New codes for 2007: What you need to know

January 1, 2007

New codes for the New Year: Addition to circumcision codes, consultations, and nebulizations.

MS. KNOPF is editor at the Pediatric Coder's Pink Sheet. Reprinted from November 2006 Pediatric Coder's Pink Sheet, copyright (c) 2006 DecisionHealth. For more information on the Pediatric Coder's Pink Sheet, call 1-877-602-3835, or visit the Web site at http://www.decisionhealth.com/index2.aspx?prod_id=361&cat_id=4/.

The author has nothing to disclose in regard to affiliations with, or financial interests in, any organization that may have an interest in any part of this article.

CPT 2007 revises circumcision codes to include penile nerve block

Code 54150 is now to be used for circumcision by clamp or dorsal slit "with regional dorsal penile or ring block."

If you perform a circumcision by this method but do not use a block, CPT now directs you to bill 54150 with modifier 52 appended.

Wording and definition changes

The word "newborn" has been deleted from 54150. Code 54152, for a circumcision by clamp or dorsal slit for patients older than 28 days, has been completely deleted.
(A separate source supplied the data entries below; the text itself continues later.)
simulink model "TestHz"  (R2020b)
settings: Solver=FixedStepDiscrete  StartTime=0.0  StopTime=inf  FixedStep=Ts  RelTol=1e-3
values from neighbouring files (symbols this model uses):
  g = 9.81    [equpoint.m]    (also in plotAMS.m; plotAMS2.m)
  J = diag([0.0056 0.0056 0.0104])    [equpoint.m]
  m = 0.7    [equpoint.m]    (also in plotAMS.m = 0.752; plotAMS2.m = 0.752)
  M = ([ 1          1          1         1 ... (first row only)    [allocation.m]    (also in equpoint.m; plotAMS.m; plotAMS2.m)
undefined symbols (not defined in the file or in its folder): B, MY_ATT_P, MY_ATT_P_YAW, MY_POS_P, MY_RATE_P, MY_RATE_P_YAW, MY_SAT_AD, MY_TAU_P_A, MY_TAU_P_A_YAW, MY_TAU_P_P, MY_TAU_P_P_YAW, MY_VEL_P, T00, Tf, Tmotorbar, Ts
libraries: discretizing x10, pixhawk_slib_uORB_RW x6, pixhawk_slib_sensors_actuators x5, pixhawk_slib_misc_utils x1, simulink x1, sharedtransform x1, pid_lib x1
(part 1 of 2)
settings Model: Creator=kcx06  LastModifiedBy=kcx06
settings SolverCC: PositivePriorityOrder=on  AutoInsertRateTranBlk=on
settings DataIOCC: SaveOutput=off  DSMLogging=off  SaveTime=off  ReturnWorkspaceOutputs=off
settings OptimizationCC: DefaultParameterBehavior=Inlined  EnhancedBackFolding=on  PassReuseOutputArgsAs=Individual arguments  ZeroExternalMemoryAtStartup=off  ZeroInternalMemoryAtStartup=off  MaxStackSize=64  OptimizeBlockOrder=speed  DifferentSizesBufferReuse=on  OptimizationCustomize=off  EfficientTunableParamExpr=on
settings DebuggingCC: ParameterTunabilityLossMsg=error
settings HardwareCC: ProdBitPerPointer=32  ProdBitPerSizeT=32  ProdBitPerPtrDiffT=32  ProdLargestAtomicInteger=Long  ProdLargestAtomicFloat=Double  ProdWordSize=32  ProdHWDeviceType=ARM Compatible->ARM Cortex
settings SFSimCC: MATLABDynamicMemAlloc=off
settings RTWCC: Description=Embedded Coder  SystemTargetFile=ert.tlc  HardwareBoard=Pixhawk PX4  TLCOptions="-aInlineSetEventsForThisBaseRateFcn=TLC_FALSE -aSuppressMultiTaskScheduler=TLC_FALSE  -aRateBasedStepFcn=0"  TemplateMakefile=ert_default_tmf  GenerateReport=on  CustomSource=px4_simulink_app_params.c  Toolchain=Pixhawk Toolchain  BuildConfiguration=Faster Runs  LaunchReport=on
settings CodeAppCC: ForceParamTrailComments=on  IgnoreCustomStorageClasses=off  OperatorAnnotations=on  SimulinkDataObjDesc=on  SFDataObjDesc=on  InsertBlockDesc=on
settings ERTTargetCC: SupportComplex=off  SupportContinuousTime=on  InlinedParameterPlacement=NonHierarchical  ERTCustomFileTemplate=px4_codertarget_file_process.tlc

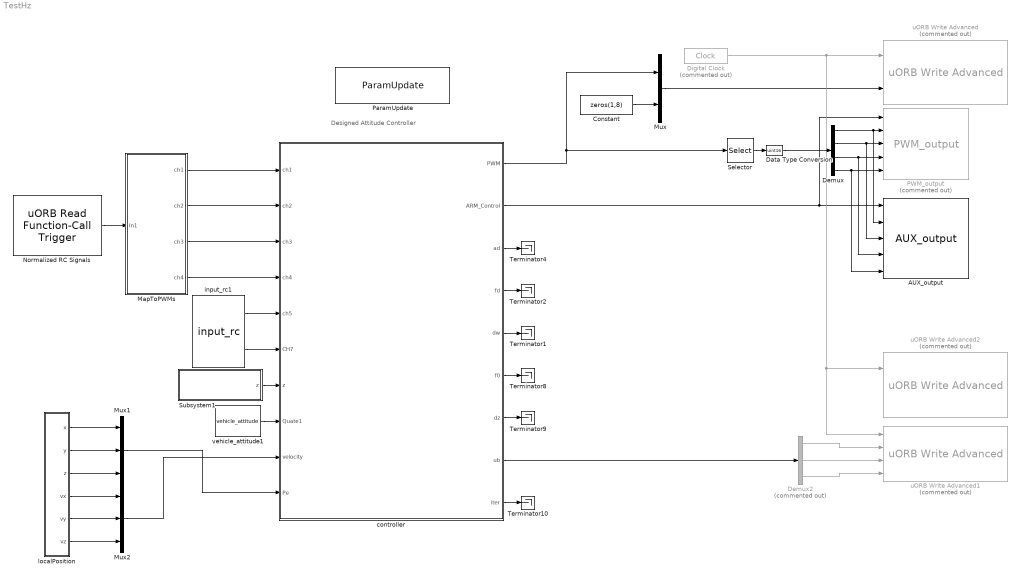
== system TestHz ==
  note: Designed Attitude Controller
  AUX_output : pixhawk_slib_sensors_actuators/AUX_output  Description=|  pwm_rate=400Hz  show_aux1=on  show_aux4=on  show_aux2=on  show_aux5=off  show_aux3=on  show_aux6=off
      | This block allows the user to send the appropriate PWM signals out to the PX4 AUX outputs.  
      | These are usually connected to the ESCs which control the motor speeds. 
      | In order for the flight control to arm (enable) the output from the software side, the ARM Output input must be held high (boolean TRUE).  
      | Only then will the PWM values be sent out the PX4 hardware ports.  
      | This is usually a function of the RC Tx in combination with other flight modes programmed in the Simulink model by the user.  
      | The block has 8 available ports (data type uint16) which can be selectively chosen.  
      | These correspond to the 6 PWM (optional on 5/6) output ports on the px4fmu hardware. 
      | 
      | You *must* ensure that the line: “fmu mode_pwm” appears in your rc.txt file or manually run this from a Nuttx terminal *before* you start the px4_simulink_app module.  
      | Also – note: the FMU only has to be ARMED for the AUX pins to work – the Hardware safety switch is only for the IO.  
      | The switch’s blink code tells you what is armed.  You have to ARM both the Hardware switch and Software block in order to get the PWM output to work, but only the Software block for the AUX outputs.
      settings: SourceProductName=Pixhawk Target Blocks
  Constant : Constant  Value=zeros(1,8)  OutDataTypeStr=single
  Data Type Conversion : DataTypeConversion  OutDataTypeStr=uint16
  Demux : Demux
  Demux2 : Demux  Commented=on  Outputs=3
  Digital Clock : DigitalClock  Commented=on  SampleTime=Ts
  MapToPWMs : Subsystem
  Mux : Mux  Inputs=2
  Mux1 : Mux  Inputs=3
  Mux2 : Mux  Inputs=3
  Normalized RC Signals : pixhawk_slib_uORB_RW/uORB Read Function-Call Trigger  uORB_Topic_str='manual_control_setpoint'  BusObjVar=Bus: manual_control_setpoint_SL  uORB_Interval=1  AsyncOutput=off  Fcn_call_select=Generate Function Call Signal  TaskName='Task1'  Poll_timeout=100  Ts=Ts
      settings: SourceProductName=Pixhawk Target Blocks
  PWM_output : pixhawk_slib_sensors_actuators/PWM_output  Description=|  Commented=on  pub_outputs=on  pwm_rate=400Hz  show_pwm1=on  show_pwm5=off  show_pwm2=on  show_pwm6=off  show_pwm3=on  show_pwm7=off  show_pwm4=on  show_pwm8=off
      | This block allows the user to send the appropriate PWM signals out to the PX4 outputs.  
      | These are usually connected to the ESCs which control the motor speeds. 
      | In order for the flight control to arm (enable) the output from the software side, the ARM Output input must be held high (boolean TRUE).  
      | Only then will the PWM values be sent out the PX4 hardware ports.  
      | This is usually a function of the RC Tx in combination with other flight modes programmed in the Simulink model by the user.  
      | The block has 8 available ports (data type uint16) which can be selectively chosen.  
      | These correspond to the 8 PWM output ports on the px4fmu hardware.
      settings: SourceProductName=Pixhawk Target Blocks
  ParamUpdate : pixhawk_slib_misc_utils/ParamUpdate  Description=|  Unformatted_StrSet=0  TLC_StrSet=0  NumParams=0  Ts=0
      | ParamUpdate Block
      | 
      | Use this block at your top-level of your model to insert a "parameter update" function in the generated code.
      settings: SourceProductName=Pixhawk Target Blocks
  Selector : Selector  IndexMode=Zero-based  InputPortWidth=8  IndexOptions=Index vector (dialog)  Indices=[0 1 2 3]  OutputSizes=1
  Subsystem1 : Subsystem
  Terminator{1..2,4,8..10} (6 alike) : Terminator
  controller : Subsystem
  input_rc1 : pixhawk_slib_sensors_actuators/input_rc  Description=|  sampletime=1/50  channel1=off  channel2=off  channel3=off  channel4=off  channel5=on  channel6=on  channel7=off  channel8=off  channel9=off  channel10=off  channel11=off  channel12=off  channel13=off  channel14=off  channel15=off  channel16=off  channel17=off  channel18=off  ch_count=off  rssi=off  rc_failsafe=off  rc_lost=off  rc_inputsource=off
      | RC Input Block
      | 
      | This block provides user input control to the model.
      | It uses the input_rc uORB topic.
      | 
      | The user has the ability to choose which channels are available as outputs from this block and also some optional outputs. These include 
      | Channels 1 through 18
      | double data type indicating the PWM value from the controller 
      | measured pulse widths for each of the supported channels 
      | Channel Count 
      | uint32 data type of the number of channels which are detector by the PX4 
      | RC Failsafe 
      | boolean data types indicating that the RC Tx is sending the FailSafe signal (if equipped and properly setup) 
      | explicit failsafe flag: true on TX failure or TX out of range , false otherwise. 
      | Only the true state is reliable, as there are some (PPM) receivers on the market going into failsafe without telling us explicitly. 
      | RC Input Source 
      | Enumeration data type indicating which source the RC input is from. 
      | Valid values are found in the ENUM file: RC_INPUT_SOURCE_ENUM.m 
      |           Enumeration members for class 'RC_INPUT_SOURCE_ENUM':
      |           RCINPUT_SOURCE_UNKNOWN         (0)
      |           RCINPUT_SOURCE_PX4FMU_PPM      (1)
      |           RCINPUT_SOURCE_PX4IO_PPM       (2)
      |           RCINPUT_SOURCE_PX4IO_SPEKTRUM  (3)
      |           RCINPUT_SOURCE_PX4IO_SBUS      (4)
      |           RCINPUT_SOURCE_PX4IO_ST24      (5)
      |           RCINPUT_SOURCE_MAVLINK         (6)
      |           RCINPUT_SOURCE_QURT            (7)
      |           RCINPUT_SOURCE_PX4FMU_SPEKTRUM (8)
      |           RCINPUT_SOURCE_PX4FMU_SBUS     (9)
      |           RCINPUT_SOURCE_PX4FMU_ST24     (10)
      |           RCINPUT_SOURCE_PX4FMU_SUMD     (11)
      |           RCINPUT_SOURCE_PX4FMU_DSM      (12)
      |           RCINPUT_SOURCE_PX4IO_SUMD      (13)
      | 
      | RSSI - Receive signal strength index 
      | receive signal strength indicator (RSSI): < 0: Undefined, 0: no signal, 255: full reception 
      | RC Lost Connection 
      | boolean data type indicating RC receiver connection status 
      | True, if no frame has arrived in the expected time, false otherwise. 
      | True usally means that the receiver has been disconnected, but can also indicate a radio link loss on "stupid" systems. 
      | Will remain false, if a RX with failsafe option continues to transmit frames after a link loss. 
      |   
      | Sample Model: px4demo_input_rc.slx
      settings: SourceProductName=Pixhawk Target Blocks
  "localPosition " : Subsystem
  uORB Write Advanced : pixhawk_slib_uORB_RW/uORB Write Advanced  Commented=on  Ts=0  uORB_AdvtQueue=on  uORB_FieldEnabledArr="0  0  0  1  0  0  0  0  0  0  0"  uORB_Topic_str=0  uORB_Struct_DT="[1  1  1  1  1]"  BlockInputCount=5  uORB_StructParams="[\"voltage_v\",\"voltage_filtered_v\",\"current_a\",\"current_filtered_a\",\"remaining\"]"  uORB_PortSizes="[1  1  1  1]"  MsgSizeOf=0  MW_update=true
      settings: SourceProductName=Pixhawk Target Blocks
  uORB Write Advanced1 : pixhawk_slib_uORB_RW/uORB Write Advanced  Commented=on  Ts=0  uORB_AdvtQueue=on  uORB_FieldEnabledArr="0  0  0  1  0  0  0  0  0  0  0"  uORB_Topic_str=0  uORB_Struct_DT="[1  1  1  1  1]"  BlockInputCount=5  uORB_StructParams="[\"voltage_v\",\"voltage_filtered_v\",\"current_a\",\"current_filtered_a\",\"remaining\"]"  uORB_PortSizes="[1  1  1  1]"  MsgSizeOf=0  MW_update=true
      settings: SourceProductName=Pixhawk Target Blocks
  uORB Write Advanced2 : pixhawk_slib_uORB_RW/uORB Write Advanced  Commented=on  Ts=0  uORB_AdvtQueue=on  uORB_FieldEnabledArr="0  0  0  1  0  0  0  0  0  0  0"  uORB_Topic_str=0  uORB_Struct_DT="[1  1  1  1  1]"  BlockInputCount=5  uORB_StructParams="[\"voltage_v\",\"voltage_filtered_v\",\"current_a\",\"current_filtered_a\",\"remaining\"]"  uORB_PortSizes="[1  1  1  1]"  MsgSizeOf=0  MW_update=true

This change in definition tells payers that the numbing injection that keeps babies from feeling the pain of circumcision is included in the procedure.

In the past, you would have billed the block separately with 64450. In most cases the charge was denied because payers interpreted the block as "infiltration" and included it in the surgical package. Now, however, the block is included in the descriptor for 54150 itself, removing all questions about whether you should bill separately.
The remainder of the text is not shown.